If you think the company or perhaps the whole stock-market will experience unprecedented sales-growth or decline in the future, then you can still use the forecasts as base-estimates and then make appropriate adjustments.
For example, at the depths of a market-crash the formula might forecast a 20% annualized return for a 10-year investment in the S&P 500. So you can ask yourself if it seems justified that the U.S. economy has suffered so great damage that the future revenue of U.S. companies will be less than half of what they were just a few years ago. Unless USA has suffered a nuclear attack or a natural disaster on an epic scale, that seems highly unlikely.
Conversely, during stock-market euphoria with very high stock-prices, the formula might predict an annualized loss of -5% for a 10-year investment in the S&P 500. So now you can ask yourself if the U.S. economy is likely going to grow substantially more than it has done in the past, or whether it means that the stock-market is currently overpriced.
Research Ideas
You are strongly encouraged to do more research on this topic. If you make any new discoveries then please let me know your results.
To my knowledge, there are no academic studies of predicting the long-term returns of stocks and stock-markets as we have done here. This work has presented the basic idea and methodology, but a lot more research can be done on this subject and it may impact many areas of both theoretical and applied finance.
Here are some ideas you could start researching:
- Use proper statistical methods to measure the strength of the predictive relationship.
- Use other financial ratios as the predictor variable, for example the P/Dividend or P/Earnings ratio (maybe use a rolling 5-year average of earnings). Does it make sense to use those predictor variables? What are the pros and cons of each predictor variable?
- Can you use other economic indicators as predictor variables, such as the unemployment rates, interest rates, currency exchange rates, etc. Does that even make sense? If you find a predictive relationship is it actually causal or is it merely a correlation? How would you test this?
- Can you use industry-specific data as predictor variables for individual companies or sector-indices?
- Use multiple predictor variables together. Does it improve the accuracy of the prediction?

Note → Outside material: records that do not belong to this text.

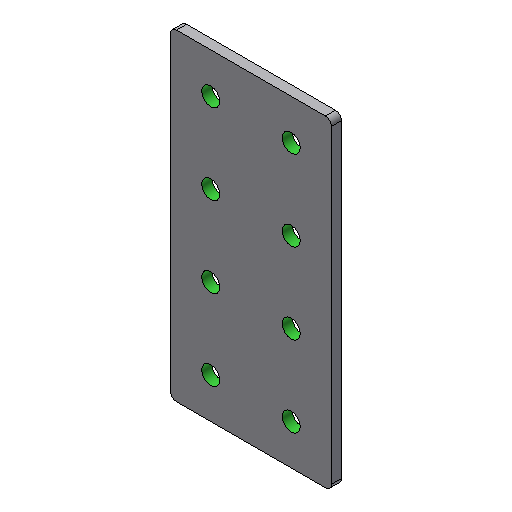
# Autodesk Inventor part: TL20240701-10130CV-004
Saved by Autodesk Inventor 2022.5 (Build 265521000, 521)
## iProperties
Category: JOINT LEG ASSY
Company: 현대 트랜시스(대유)
Created: 2023-04-20
Part Number: TL20240701-10130CV-004
Checked By: 김형민
Engr Approved By: 김시현
User Status: 2 x37
Material: SS400
Description: 0
Document SubType Name: Modeling
Mfg Approved By: 호상태
Designer: 김건휴
Stock Number: 004
Density: 7.85 g/cm^3
Appearance: Painting-RAL7035
Project: SW PJT
DETAIL: Coveryor Assembly
M/C TITLE: CJ 제일제당 협동로봇 포장시스탬 PILOT 장비
PARTS NAME: Bracket
SPECIFICATION: TA20221101-CV200000-015
DocNumber: 221118_Standard_v1
Folder: .\
VDS_Category: 엔지니어링
Detail Description: Processed products
Title: PLATE
Subject: SW차종 시트조립라인
Author: 김건휴
Revision Number: A
Autodesk Inventor part; units mm, degrees
ref_plane "YZ Plane" through (0, 0, 0) normal (1, 0, 0) x (0, 1, 0)
ref_plane "XZ Plane" through (0, 0, 0) normal (0, 1, 0) x (-1, 0, 0)
ref_plane "XY Plane" through (0, 0, 0) normal (0, 0, 1) x (1, 0, 0)
sketch "스케치9" plane through (0, 0, 0) normal (0, 0, 1) x (1, 0, 0)
  line L0 (-40, 80) -> (40, 80)
  line L1 (40, 80) -> (40, -80)
  line L2 (40, -80) -> (-40, -80)
  line L3 (-40, -80) -> (-40, 80)
  line L4 (-40, 80) -> (40, -80) construction
  line L5 (40, 80) -> (-40, -80) construction
  point P0 (0, 0)
  dimension "d40" = 80
  dimension "d41" = 160
  constraints: 12 end point, 2 midpoint, 2 parallel, 1 horizontal, 1 perpendicular
  measures "d40" distance of L0.start L0.end
  measures "d41" distance of L0.end L1.end
extrude "돌출4" add sketch "스케치9" along normal mid plane 5
sketch "스케치10" plane through (0, 0, 2.5) normal (0, 0, 1) x (1, 0, 0)
  line L0 (-20, 60) -> (20, 60)
  line L1 (20, 60) -> (20, 20)
  line L2 (20, 20) -> (-20, 20)
  line L3 (-20, 20) -> (-20, 60)
  line L4 (-20, 60) -> (20, 20) construction
  line L5 (20, 60) -> (-20, 20) construction
  line L6 (-20, -20) -> (20, -20)
  line L7 (20, -20) -> (20, -60)
  line L8 (20, -60) -> (-20, -60)
  line L9 (-20, -60) -> (-20, -20)
  line L10 (-20, -20) -> (20, -60) construction
  line L11 (20, -20) -> (-20, -60) construction
  line L12 (40, 80) -> (-40, 80) projected
  point P0 (0, 0)
  point P1 (0, 40)
  point P2 (0, -40)
  point P3 (0, 40)
  point P4 (0, -40)
  dimension "d44" = 40
  dimension "d45" = 40
  dimension "d46" = 40
  dimension "d47" = 40
  dimension "d48" = 40
  dimension "d49" = 20
  dimension "d50" = 20
  constraints: 24 end point, 6 midpoint, 4 parallel, 2 horizontal, 2 perpendicular, 1 vertical alignment
  measures "d44" distance of L0.start L0.end
  measures "d45" distance of L2.end L0.start
  measures "d46" distance of L8.end L6.start
  measures "d47" distance of L6.start L6.end
  measures "d48" distance between parallel lines of L6 L2
  measures "d49" horizontal distance of L0.start L12.end
  measures "d50" distance between parallel lines of L12 L0
hole "구멍3" at (20, 60, 2.5) at (-20, 60, 2.5) at (20, 20, 2.5) at (-20, 20, 2.5) at (20, -20, 2.5) at (-20, -20, 2.5) at (20, -60, 2.5) at (-20, -60, 2.5) direction (0, 0, -1) diameter 9 end through all clearance for "Socket Head Cap Screw ISO 4762" size "M8" standard "ISO"
fillet "모깎기2" radius 3 4 edges at (40, 80, 0) (-40, 80, 0) (40, -80, 0) (-40, -80, 0)

- Find some companies where you have data for at least 20-30 years, but where there is no predictive relationship between P/Sales and 10-year returns. Examine the history of the company and explain why that might be. Maybe the company has fundamentally changed its business and that explains it?
- Find some really old companies where the data for the share-price and P/Sales is available for many decades.
- Try and use other stock-market indices for individual sectors or other countries. You probably need data for at least 20-30 years which may be difficult or impossible to obtain. Perhaps you can build an index yourself?
- How would you use the predictive formulas in portfolio allocation?
- How would you use the predictive formulas for calculating discount rates used in valuation?
- Make simulations with random growth for the intrinsic value. Does it change the results substantially, or do you still observe the same kind of relationship between the
random_buy
variable and the annualized returns? - Make simulations with different growth-rates in intrinsic value, then fit the return curves and see how well they predict the future returns when the growth is different. Can they still be used as a rough estimate for the future returns, or are they completely inaccurate?
- Make simulations using a small subset of real-world data e.g. for the S&P 500 index and see how well the fitted curves predict actual returns on the full data-period. Can this be used to make predictions for stock-indices where you only have data for a few years? Would this work for individual companies or why not?